Some questions to consider asking management include:
- What is your assessment of the internal control system and what criteria did you use for your assessment?
- Discuss the “tone at the top.” What does management do to maintain an ethical environment?
- How do you think the credit union is handling and staying up-to-date on legal and regulatory compliance requirements? Were any reported conflicts of interest, irregularities or other violations of the code of conduct identified during the year?
- Have there been any concerning trends (fraud, complaints, loan deferrals/ modifications)?
The supervisory committee serves an important function. It is considered the watchdog of the credit union, tasked with asking the tough questions and following up on any findings with management to ensure remediation follows. Keeping up-to-date on changes in the industry and changes within the credit union will ensure that the supervisory committee can continue to fulfill its vital roles and responsibilities.
While the Current Section 715.3 of the NCUA Rules and Regulations does not specifically address COVID-19, it is important to note that processes could be impacted and general controls may be altered due to the current pandemic-related conditions. Some of these changes may not be realized until further down the road. NCUA recently issued a letter to credit unions updating the exam priorities from earlier this year, Letter 20-CU-22, following the interagency examiner guidance released by the federal financial institution regulatory agencies (Federal Reserve, FDIC, OCC,NCUA and state financial regulators) on assessing safety and soundness considering the effect of the COVID-19 pandemic on institutions. These publications provide insight into what examiners will be focusing on with respect to the COVID-19 response.

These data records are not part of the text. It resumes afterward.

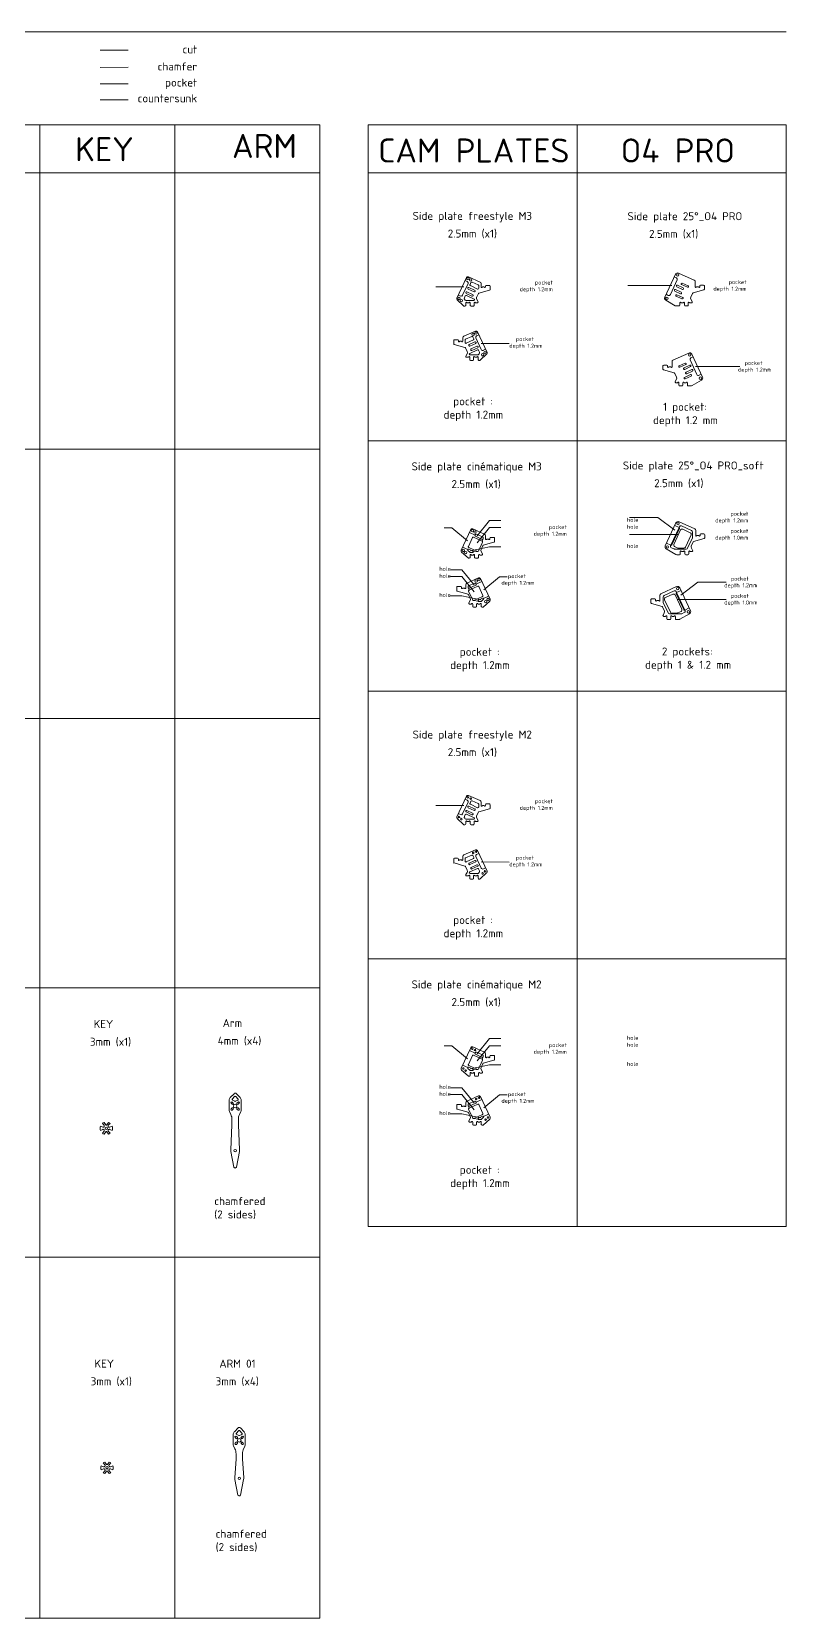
# Model space of a CAD drawing. Header units: millimetres. Extents: x -685 to 1515, y -1461 to 522.
# Drawn here: x 572 to 1515, y -1461 to 522 of the extents above; entities that cross this region are included whole.
import ezdxf

# ---------------------------------------------------------------- set-up
doc = ezdxf.new("R2010")
doc.units = ezdxf.units.MM
doc.linetypes.add('JIS_09_08', pattern=[10.75, 8, -0.55, 0.55, -0.55, 0.55, -0.55])
doc.layers.get('0').update_dxf_attribs({"lineweight": 5})
for name, color, linetype, lineweight in [('Calque1', 150, 'Continuous', 5), ('Calque2', 251, 'Continuous', 5), ('chamfered', 30, 'Continuous', 5), ('countersunk', 90, 'Continuous', 5), ('pocket', 1, 'Continuous', 5)]:
    doc.layers.add(name, color=color, linetype=linetype, lineweight=lineweight)
doc.styles.get("Standard").update_dxf_attribs({"font": 'arial.ttf'})

msp = doc.modelspace()

# ---------------------------------------------------------------- linework, layer by layer
for points in [[(1158, -89.2), (1144, -89.2), (1128.6, -108.2)], [(1158, -98), (1144, -98), (1128.6, -117)], [(1158, -121.9), (1144, -121.9), (1120, -127)], [(1095.2, -150.5), (1109.2, -150.5), (1124.6, -169.5)], [(1095.2, -159.2), (1109.2, -159.2), (1124.6, -178.2)], [(1095.2, -183.2), (1109.2, -183.2), (1133.3, -188.3)], [(1158, -736.5), (1144, -736.5), (1128.6, -755.5)], [(1158, -745.3), (1144, -745.3), (1128.6, -764.3)], [(1158, -769.2), (1144, -769.2), (1120, -774.3)], [(1095.2, -797.8), (1109.2, -797.8), (1124.6, -816.8)], [(1095.2, -806.5), (1109.2, -806.5), (1124.6, -825.5)], [(1095.2, -830.5), (1109.2, -830.5), (1133.3, -835.6)]]:
    msp.add_lwpolyline(points)
at = {"layer": 'Calque1'}
for p, q in [((657.4, 498.6), (692.5, 498.7)), ((1363, 190.1), (1376.3, 218.7)), ((1380.3, 220.2), (1399.9, 211.4)), ((1103.1, 188.8), (1115.1, 214.5)), ((1117.3, 200.2), (1124.6, 196.8)), ((1117.7, 215.5), (1132.2, 208.9)), ((1118.2, 202), (1125.4, 198.6)), ((1119.6, 205.7), (1120.8, 208.2)), ((1120.1, 204.4), (1129.1, 200.2)), ((1129.9, 205.5), (1122.1, 208.7)), ((1130.5, 204.5), (1130.5, 201.1)), ((1144.1, 198.9), (1130.7, 195)), ((1133.4, 207.1), (1133.4, 202.8)), ((1135, 202.8), (1137.3, 202.8)), ((1138.9, 202.8), (1138.9, 203.8)), ((1139.9, 204.8), (1143.8, 204.8)), ((1144.8, 199.9), (1144.8, 203.8)), ((1376.3, 199.5), (1383.5, 196.1)), ((1378, 203.1), (1385.2, 199.8)), ((1378.8, 204.9), (1386.1, 201.6)), ((1384, 205.8), (1391.3, 202.4)), ((1384.9, 207.6), (1392.1, 204.3)), ((1411.7, 199.2), (1398.4, 195.3)), ((1401.1, 209.5), (1401.1, 203)), ((1402.7, 203), (1405, 203)), ((1406.6, 203), (1406.6, 204)), ((1407.6, 205), (1411.5, 205)), ((1412.5, 200.1), (1412.5, 204)), ((1103.6, 186.5), (1111.6, 179)), ((1112.3, 178.8), (1113.2, 178.8)), ((1112.6, 189.2), (1113.7, 191.7)), ((1113.1, 186.9), (1113.7, 186.3)), ((1114.2, 179.8), (1114.2, 182.8)), ((1114.8, 194.7), (1122, 191.4)), ((1115.1, 192.2), (1124.7, 187.7)), ((1115.1, 185.8), (1124.3, 185.8)), ((1115.6, 196.6), (1122.9, 193.2)), ((1115.8, 182.8), (1118.3, 182.8)), ((1119.9, 179.8), (1119.9, 182.8)), ((1120.9, 178.8), (1123.8, 178.8)), ((1124.8, 179.8), (1124.8, 182.8)), ((1126.4, 182.8), (1128.7, 182.8)), ((1127.9, 189.8), (1130.1, 194.5)), ((1129.6, 184.3), (1128, 187.1)), ((1364.2, 186.2), (1376.1, 179.4)), ((1375.4, 197.7), (1382.7, 194.3)), ((1377.3, 191.3), (1384.5, 187.9)), ((1380.8, 179), (1377.6, 179)), ((1378.1, 193.1), (1385.4, 189.8)), ((1381.8, 180), (1381.8, 183)), ((1383.4, 183), (1386, 183)), ((1387.6, 180), (1387.6, 183)), ((1388.6, 179), (1391.4, 179)), ((1392.4, 180), (1392.4, 183)), ((1394, 183), (1396.4, 183)), ((1395.6, 190.1), (1397.7, 194.7)), ((1397.3, 184.5), (1395.7, 187.4)), ((1110.6, 139.3), (1110.6, 134.9)), ((1126.3, 147.6), (1111.7, 141.1)), ((1114, 137.6), (1121.9, 140.9)), ((1124.3, 137.9), (1123.2, 140.4)), ((1140.9, 121), (1128.9, 146.6)), ((1099.2, 132), (1099.2, 135.9)), ((1099.9, 131), (1113.3, 127.2)), ((1104, 136.9), (1100.2, 136.9)), ((1105, 134.9), (1105, 135.9)), ((1109, 134.9), (1106.6, 134.9)), ((1113.4, 136.7), (1113.4, 133.3)), ((1116.1, 122), (1113.9, 126.6)), ((1114.4, 116.4), (1116, 119.2)), ((1123.9, 136.6), (1114.9, 132.4)), ((1125.8, 134.1), (1118.6, 130.8)), ((1128.9, 124.3), (1119.3, 119.8)), ((1126.7, 132.3), (1119.4, 128.9)), ((1128.3, 128.7), (1121.1, 125.3)), ((1129.2, 126.9), (1121.9, 123.5)), ((1131.4, 121.4), (1130.2, 123.8)), ((1130.9, 119.1), (1130.2, 118.4)), ((1392.9, 120.2), (1373.2, 111.4)), ((1117.6, 114.9), (1115.3, 114.9)), ((1119.2, 111.9), (1119.2, 114.9)), ((1128.9, 117.9), (1119.7, 117.9)), ((1123.1, 110.9), (1120.2, 110.9)), ((1124.1, 111.9), (1124.1, 114.9)), ((1128.2, 114.9), (1125.7, 114.9)), ((1129.8, 111.9), (1129.8, 114.9)), ((1131.7, 110.9), (1130.8, 110.9)), ((1140.4, 118.6), (1132.3, 111.2)), ((1360.7, 100.2), (1360.7, 104.1)), ((1361.4, 99.2), (1374.8, 95.3)), ((1365.6, 105.1), (1361.7, 105.1)), ((1366.6, 103.1), (1366.6, 104.1)), ((1370.5, 103.1), (1368.2, 103.1)), ((1372.1, 109.6), (1372.1, 103.1)), ((1388.3, 107.7), (1381, 104.3)), ((1389.1, 105.9), (1381.8, 102.5)), ((1394.3, 105), (1387.1, 101.6)), ((1395.2, 103.2), (1387.9, 99.8)), ((1396.9, 99.6), (1389.6, 96.2)), ((1410.2, 90.2), (1396.8, 118.8)), ((1377.6, 90.2), (1375.4, 94.8)), ((1375.9, 84.6), (1377.5, 87.4)), ((1379.1, 83.1), (1376.8, 83.1)), ((1380.7, 80.1), (1380.7, 83.1)), ((1385.6, 80.1), (1385.6, 83.1)), ((1389.7, 83.1), (1387.2, 83.1)), ((1395, 93.2), (1387.8, 89.8)), ((1395.9, 91.4), (1388.6, 88)), ((1397.7, 97.7), (1390.5, 94.4)), ((1391.3, 80.1), (1391.3, 83.1)), ((1408.9, 86.3), (1397.1, 79.5)), ((1384.6, 79.1), (1381.7, 79.1)), ((1392.3, 79.1), (1395.6, 79.1)), ((1363.5, -120.7), (1376.9, -92.1)), ((1380.8, -90.6), (1400.5, -99.4)), ((1108.6, -126.2), (1120.5, -100.5)), ((1122.7, -110.3), (1117.5, -121.4)), ((1123.2, -99.5), (1137.7, -106)), ((1124, -109.8), (1134.8, -114.9)), ((1125.9, -107.4), (1126.2, -106.8)), ((1126.4, -108.8), (1134.6, -112.6)), ((1135.4, -109.5), (1127.5, -106.3)), ((1130.2, -127.3), (1135.3, -116.2)), ((1136, -110.4), (1136, -111.7)), ((1149.5, -116.1), (1136.2, -120)), ((1138.9, -107.9), (1138.9, -112.2)), ((1140.5, -112.2), (1142.8, -112.2)), ((1144.4, -112.2), (1144.4, -111.2)), ((1145.4, -110.2), (1149.3, -110.2)), ((1150.3, -115.1), (1150.3, -111.2)), ((1374.3, -119), (1382.7, -100.8)), ((1385.4, -99.9), (1394.9, -104.3)), ((1388.7, -122.5), (1395.9, -107)), ((1396.1, -120.7), (1398.3, -116.1)), ((1412.3, -111.6), (1398.9, -115.5)), ((1401.6, -101.3), (1401.6, -107.8)), ((1403.2, -107.8), (1405.5, -107.8)), ((1407.1, -107.8), (1407.1, -106.8)), ((1408.1, -105.8), (1412, -105.8)), ((1413, -110.7), (1413, -106.8)), ((1109, -128.5), (1117.1, -135.9)), ((1117, -126.6), (1119.2, -128.7)), ((1117.8, -136.2), (1118.6, -136.2)), ((1118, -122.7), (1128.8, -127.8)), ((1118.1, -125), (1123, -127.3)), ((1119.6, -135.2), (1119.6, -132.2)), ((1120.6, -129.2), (1122.6, -129.2)), ((1121.2, -132.2), (1123.8, -132.2)), ((1125.4, -135.2), (1125.4, -132.2)), ((1126.4, -136.2), (1129.2, -136.2)), ((1130.2, -135.2), (1130.2, -132.2)), ((1131.8, -132.2), (1134.2, -132.2)), ((1133.4, -125.1), (1135.5, -120.5)), ((1135, -130.7), (1133.5, -127.9)), ((1364.8, -124.6), (1376.6, -131.4)), ((1375.3, -121.6), (1379.2, -123.5)), ((1381.4, -131.8), (1378.1, -131.8)), ((1380.1, -123.7), (1386.9, -123.7)), ((1382.4, -130.8), (1382.4, -127.8)), ((1384, -127.8), (1386.5, -127.8)), ((1388.1, -130.8), (1388.1, -127.8)), ((1389.1, -131.8), (1392, -131.8)), ((1393, -130.8), (1393, -127.8)), ((1394.6, -127.8), (1396.9, -127.8)), ((1397.8, -126.3), (1396.2, -123.5)), ((1103, -176.4), (1103, -172.4)), ((1103.7, -177.3), (1117.1, -181.2)), ((1107.8, -171.4), (1104, -171.4)), ((1108.8, -173.4), (1108.8, -172.4)), ((1112.8, -173.4), (1110.4, -173.4)), ((1114.4, -169.1), (1114.4, -173.4)), ((1130.1, -160.8), (1115.5, -167.3)), ((1117.2, -171.7), (1117.2, -172.9)), ((1117.9, -170.7), (1125.7, -167.5)), ((1123.1, -188.5), (1117.9, -177.5)), ((1129.3, -171.1), (1118.4, -176.1)), ((1126.8, -170), (1118.7, -173.8)), ((1127.3, -168.7), (1127, -168)), ((1130.6, -171.6), (1135.7, -182.6)), ((1144.7, -187.4), (1132.7, -161.7)), ((1377.8, -171.7), (1358.2, -180.5)), ((1395.1, -201.8), (1381.8, -173.2)), ((1119.9, -186.4), (1117.7, -181.7)), ((1118.2, -191.9), (1119.8, -189.1)), ((1121.4, -193.4), (1119.1, -193.4)), ((1123, -196.4), (1123, -193.4)), ((1126.9, -197.4), (1124, -197.4)), ((1135.3, -184), (1124.4, -189)), ((1127.9, -196.4), (1127.9, -193.4)), ((1132, -193.4), (1129.5, -193.4)), ((1135.1, -186.2), (1130.2, -188.5)), ((1132.7, -190.4), (1130.6, -190.4)), ((1133.6, -196.4), (1133.6, -193.4)), ((1136.2, -187.9), (1134, -189.9)), ((1135.5, -197.4), (1134.6, -197.4)), ((1144.2, -189.7), (1136.1, -197.2)), ((1345.6, -191.8), (1345.6, -187.9)), ((1346.3, -192.7), (1359.7, -196.6)), ((1350.5, -186.9), (1346.6, -186.9)), ((1351.5, -188.9), (1351.5, -187.9)), ((1355.4, -188.9), (1353.1, -188.9)), ((1357, -182.4), (1357, -188.9)), ((1362.5, -201.8), (1360.3, -197.2)), ((1370, -203.6), (1362.7, -188)), ((1373.2, -180.9), (1363.7, -185.4)), ((1384.3, -200), (1375.9, -181.9)), ((1360.8, -207.4), (1362.4, -204.5)), ((1364, -208.9), (1361.7, -208.9)), ((1365.6, -211.9), (1365.6, -208.9)), ((1369.5, -212.9), (1366.6, -212.9)), ((1370.5, -211.9), (1370.5, -208.9)), ((1378.5, -204.7), (1371.8, -204.7)), ((1374.6, -208.9), (1372.1, -208.9)), ((1376.2, -211.9), (1376.2, -208.9)), ((1377.2, -212.9), (1380.5, -212.9)), ((1383.4, -202.7), (1379.4, -204.5)), ((1393.9, -205.7), (1382, -212.5)), ((1103.1, -459.2), (1115.1, -433.6)), ((1117.7, -432.6), (1132.2, -439.1)), ((1114.8, -453.3), (1122, -456.7)), ((1115.1, -455.9), (1124.7, -460.4)), ((1115.6, -451.5), (1122.9, -454.9)), ((1117.3, -447.9), (1124.6, -451.3)), ((1118.2, -446.1), (1125.4, -449.4)), ((1119.6, -442.3), (1120.8, -439.9)), ((1120.1, -443.7), (1129.1, -447.9)), ((1129.9, -442.6), (1122.1, -439.3)), ((1127.9, -458.2), (1130.1, -453.6)), ((1130.5, -443.5), (1130.5, -446.9)), ((1144.1, -449.2), (1130.7, -453)), ((1133.4, -440.9), (1133.4, -445.3)), ((1135, -445.3), (1137.3, -445.3)), ((1138.9, -445.3), (1138.9, -444.3)), ((1139.9, -443.3), (1143.8, -443.3)), ((1144.8, -448.2), (1144.8, -444.3)), ((1103.6, -461.6), (1111.6, -469)), ((1112.3, -469.3), (1113.2, -469.3)), ((1112.6, -458.8), (1113.7, -456.4)), ((1113.1, -461.1), (1113.7, -461.8)), ((1114.2, -468.3), (1114.2, -465.3)), ((1115.1, -462.3), (1124.3, -462.3)), ((1115.8, -465.3), (1118.3, -465.3)), ((1119.9, -468.3), (1119.9, -465.3)), ((1120.9, -469.3), (1123.8, -469.3)), ((1124.8, -468.3), (1124.8, -465.3)), ((1126.4, -465.3), (1128.7, -465.3)), ((1129.6, -463.8), (1128, -461)), ((1099.2, -516.1), (1099.2, -512.1)), ((1104, -511.1), (1100.2, -511.1)), ((1105, -513.1), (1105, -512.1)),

Alison J. Herrick, CPA, is a partner with Wipfli LLP, providing audit services to credit unions, including evaluating lending programs, financial statement audits, conducting internal control studies, and consulting on accounting principles generally accepted in the United States. She leads the credit union practice and specializes in developing audit plans and providing credit unions with regulatory compliance audits and internal audit outsourcing and co-sourcing.
Apply It to Your Boardroom
- Based on this article, what are some key areas of oversight for the supervisory committee?
- What are the key elements of a supervisory committee meeting? Are there any listed here your committee might want to consider adding?
- What is your supervisory committee’s current relationship to senior management? How could that exchange be improved?